There’s a simple way to hijack a locked-down computer running the Linux operating system. Thanks to the Grub2 bootloader flaw, pressing a certain key on the keyboard 28 times will let an intruder bypass the password.
The flaw is in GRUB, that bootloader that nearly all Linux distributions use to boot up. According to security researchers Hector Marco & Ismael Ripoll an “incalculable number of devices” are affected by this problem.
Once an attacker gets past the password, they’ll have full access to everything on the PC, just as if they were an admin. The attacker can also copy all of the data or install malware as well as destroy your data.
Using this flaw, the researchers were able to get into the rescue shell of Linux and deploy Malware.
An emergency patch is available here and individual Linux distributions will likely be coming out with patches of their own to solve the problem.
This probably isn’t a huge problem for home users.

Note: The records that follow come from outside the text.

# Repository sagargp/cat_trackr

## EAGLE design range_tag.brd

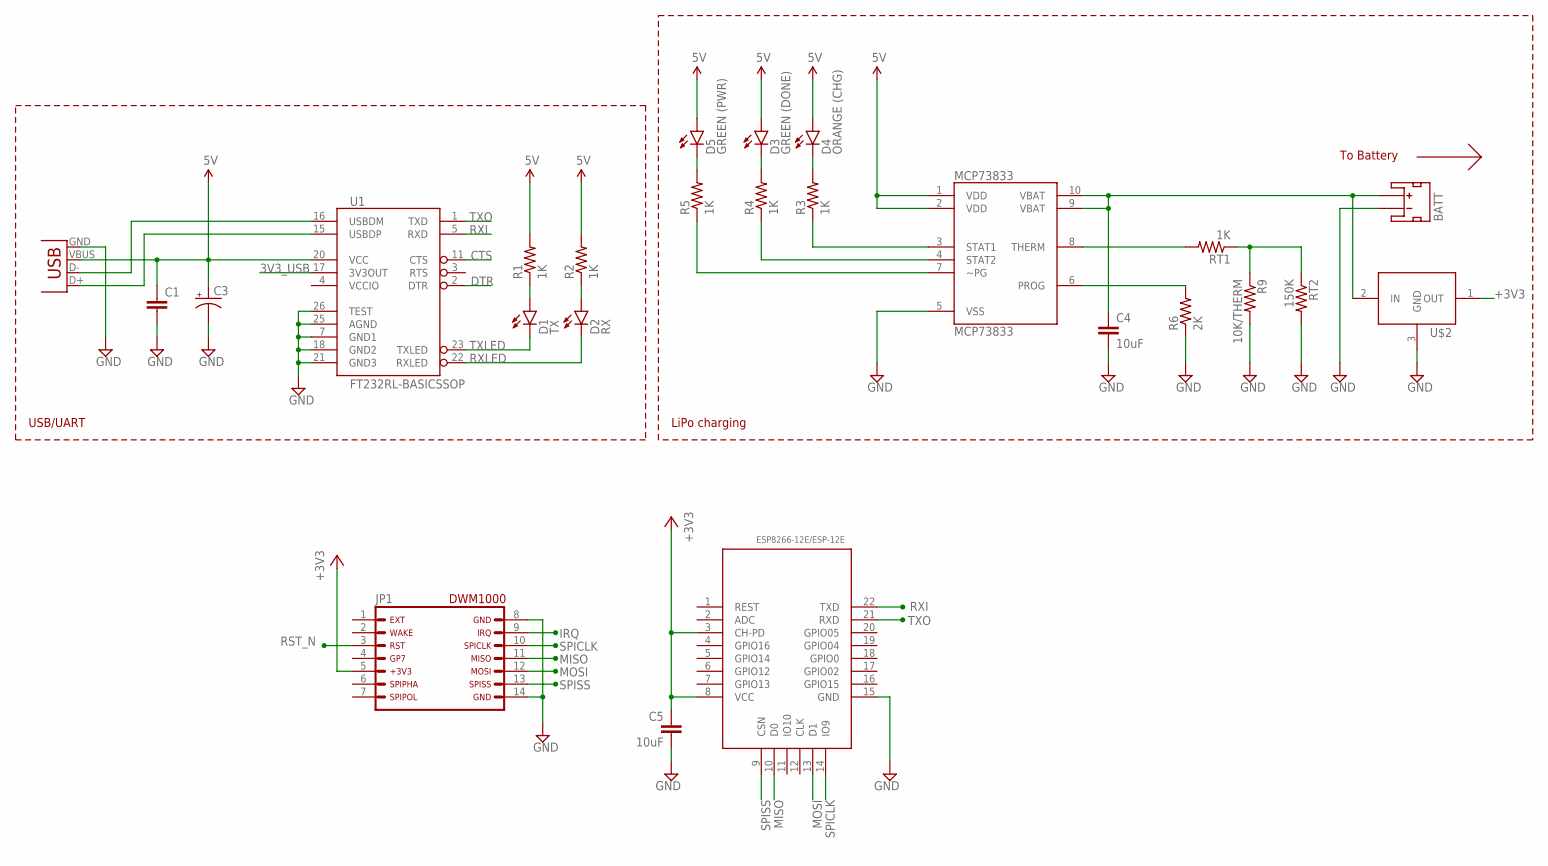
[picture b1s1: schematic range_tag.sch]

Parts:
BATT: JST_2MM_MALE; JST-2-SMD
C1: CAP0805; 0805
C3: CAP_POL1206-KIT; EIA3216-KIT
C4, C5: 10uF; 1206
D1: TX; LED-1206
D2: RX; LED-1206
D3: GREEN (DONE); LED-1206
D4: ORANGE (CHG); LED-1206
D5: GREEN (PWR); LED-1206
JP1: DWM1000-DIPDWM1000-BREAKOUT; 2X07_HOLES_ONLY
JP2: USB-SMD-NS; USB-MINIB-NOSTOP
MCP73833: MCP73833; MSOP-10
R1, R2, R3, R4, R5: 1K; 1206
R6: 2K; 1206
R9: 10K/THERM; 1206
RT1: 1K; 1206
RT2: 150K; 1206
U1: FT232RL-BASICSSOP; SSOP28DB
U3: ESP8266-12E/ESP-12E; LGA22-2.0-24X16MM
U$2: LM3480IM4; SOT23-3

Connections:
3V3_USB: U1.17 (3V3OUT)
5V: C1.1, C3.A (+), D3.A, D4.A, D5.A, JP2.VBUS, MCP73833.1 (VDD), MCP73833.2 (VDD), R1.2, R2.2, U1.20 (VCC)
+3V3: C5.1, JP1.5, U3.3 (CH-PD), U3.8 (VCC), U$2.1 (OUT)
CTS: U1.11 (CTS)
DTR: U1.2 (DTR)
GND: BATT.1 (-), C1.2, C3.C (-), C4.2, C5.2, JP1.8, JP1.14, JP2.GND, MCP73833.5 (VSS), R6.1, R9.2, RT2.2, U1.7 (GND1), U1.18 (GND2), U1.21 (GND3), U1.25 (AGND), U1.26 (TEST), U3.15 (GND), U$2.3 (GND)
IRQ: JP1.9
MISO: JP1.11, U3.10 (D0)
MOSI: JP1.12, U3.13 (D1)
unnamed: MCP73833.8 (THERM), RT1.2
unnamed: R9.1, RT1.1, RT2.1
unnamed: D3.C, R4.2
unnamed: D4.C, R3.2
unnamed: D1.A, R1.1
unnamed: D2.A, R2.1
unnamed: D5.C, R5.2
unnamed: MCP73833.6 (PROG), R6.2
N_PG: MCP73833.7 (~PG), R5.1
RST_N: JP1.3
RXI: U1.5 (RXD), U3.22 (TXD)
RXLED: D2.C, U1.22 (RXLED)
SPICLK: JP1.10, U3.14 (IO9)
SPISS: JP1.13, U3.9 (CSN)
STAT1: MCP73833.3 (STAT1), R3.1
STAT2: MCP73833.4 (STAT2), R4.1
TXLED: D1.C, U1.23 (TXLED)
TXO: U1.1 (TXD), U3.21 (RXD)
USBDM: JP2.D-, U1.16 (USBDM)
USBDP: JP2.D+, U1.15 (USBDP)
VCCIO: U1.4 (VCCIO)
V_BATT: BATT.2 (+), C4.1, MCP73833.9 (VBAT), MCP73833.10 (VBAT), U$2.2 (IN)

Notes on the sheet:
USB/UART
LiPo charging
To Battery

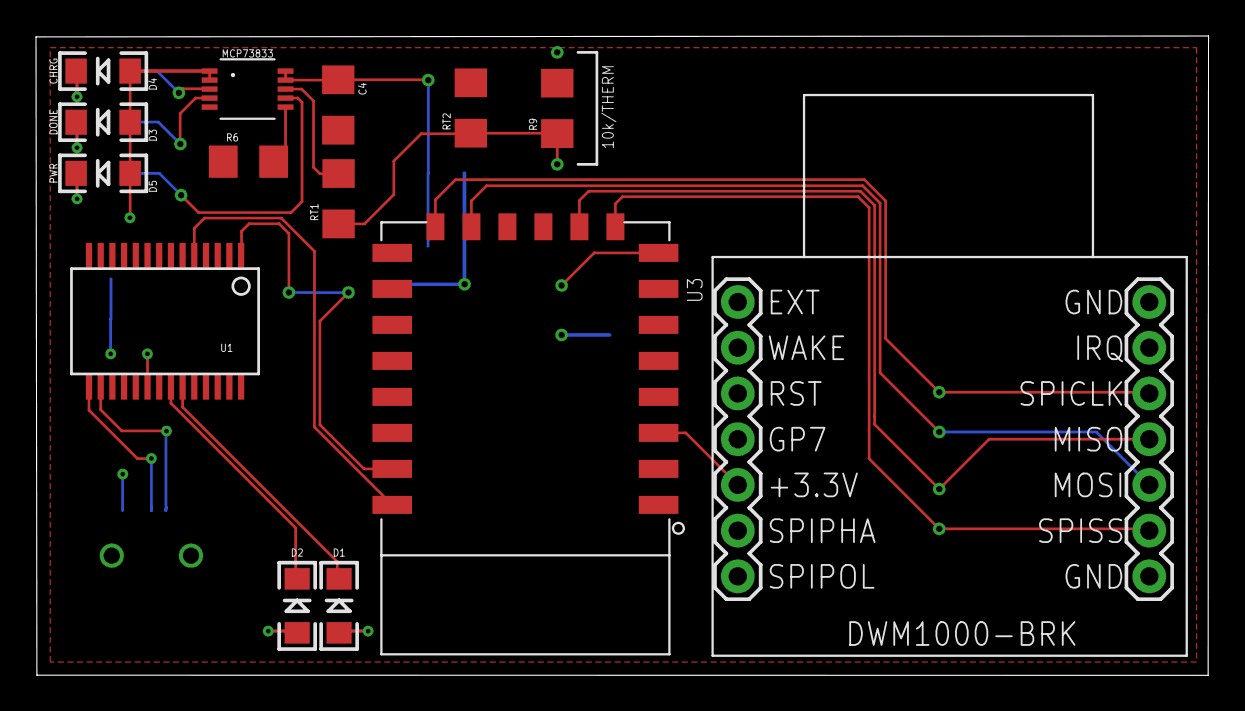
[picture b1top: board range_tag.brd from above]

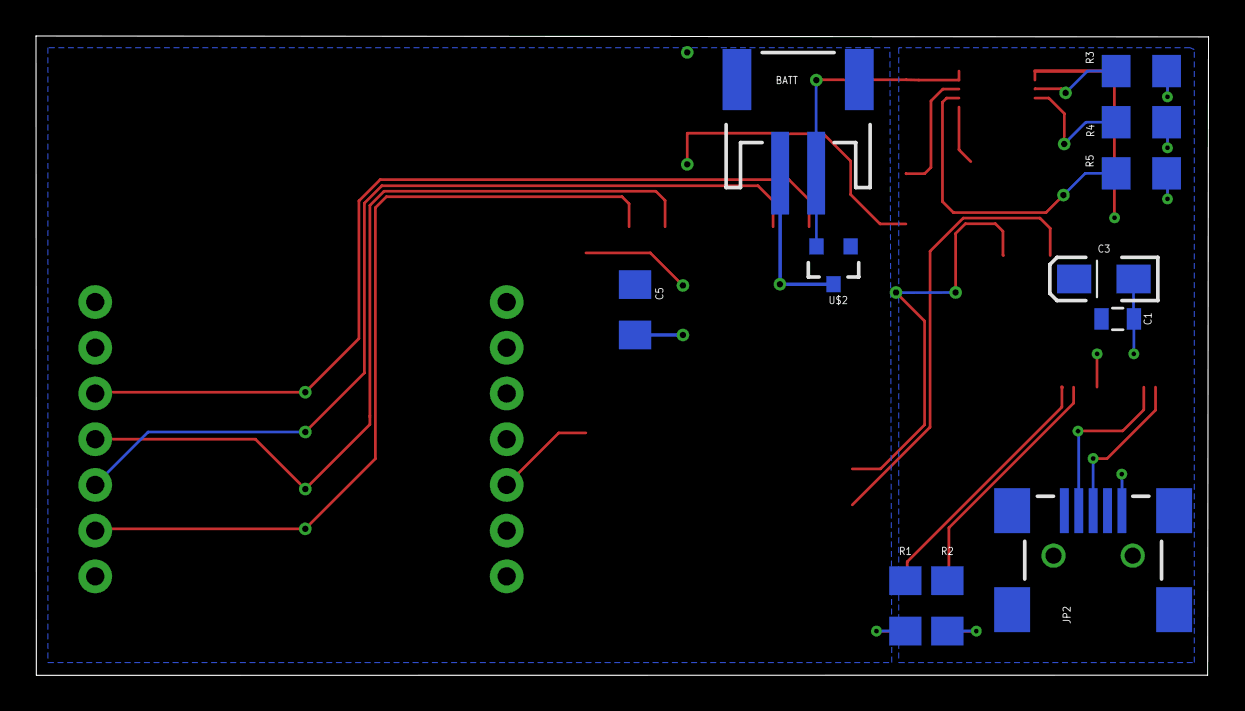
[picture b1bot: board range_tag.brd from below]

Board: 2 copper layers, 65.1 x 35.5 mm, 25 parts (11 on the bottom side), 25 nets.

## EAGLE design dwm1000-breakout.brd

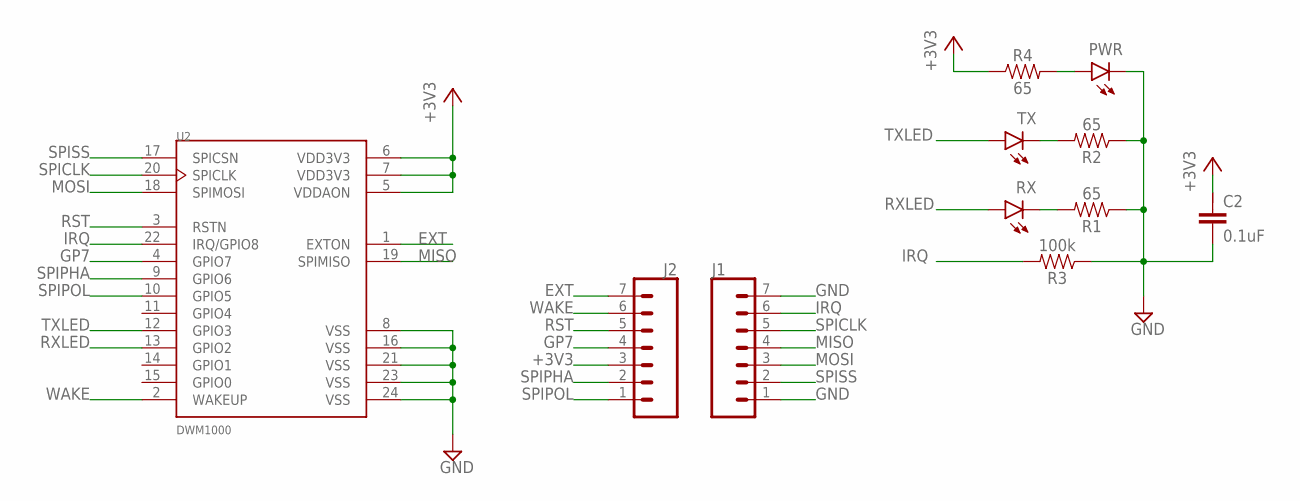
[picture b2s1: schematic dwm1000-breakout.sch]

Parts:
C2: 0.1uF; C1210; DIGIKEY_PARTNUM 1276-2854-1-ND
J1, J2: CONN_07LOCK; 1X07_LOCK; DIGIKEY_PARTNUM A26509-07-ND
PWR: GREEN; LED-1206; DIGIKEY_PARTNUM 350-2053-1-ND
R1, R2, R4: 65; 1206; DIGIKEY_PARTNUM 311-64.9FRCT-ND
R3: 100k; 1206; DIGIKEY_PARTNUM 311-100KERCT-ND
RX: GREEN; LED-1206; DIGIKEY_PARTNUM 350-2053-1-ND
TX: GREEN; LED-1206
U2: DWM1000; XCVR_DWM1000; DIGIKEY_PARTNUM 1479-1002-1-ND

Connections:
+3V3: C2.P$1, J2.3, R4.1, U2.5 (VDDAON), U2.6 (VDD3V3), U2.7 (VDD3V3)
EXT: J2.7, U2.1 (EXTON)
GND: C2.P$2, J1.1, J1.7, PWR.C, R1.1, R2.1, R3.1, U2.8 (VSS), U2.16 (VSS), U2.21 (VSS), U2.23 (VSS), U2.24 (VSS)
GP7: J2.4, U2.4 (GPIO7)
IRQ: J1.6, R3.2, U2.22 (IRQ/GPIO8)
MISO: J1.4, U2.19 (SPIMISO)
MOSI: J1.3, U2.18 (SPIMOSI)
unnamed: R1.2, RX.C
unnamed: R2.2, TX.C
unnamed: PWR.A, R4.2
RST: J2.5, U2.3 (RSTN)
RXLED: RX.A, U2.13 (GPIO2)
SPICLK: J1.5, U2.20 (SPICLK)
SPIPHA: J2.2, U2.9 (GPIO6)
SPIPOL: J2.1, U2.10 (GPIO5)
SPISS: J1.2, U2.17 (SPICSN)
TXLED: TX.A, U2.12 (GPIO3)
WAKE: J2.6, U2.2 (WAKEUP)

Linux-based systems like Ubuntu and Mint are found on only a little more than 1% of home systems. But Linux servers are very popular with businesses and, of course, that’s where the majority of your confidential information is stored.
Someone with bad intentions might easily be able to gain access to bank account, credit card or other important personal information if they can get into systems for banks and other businesses.
For many years it was thought that Linux computers were much safer than Windows machines. But like Macs, they were safer because not very many people were interested in hacking them. As their popularity rises, they become better targets.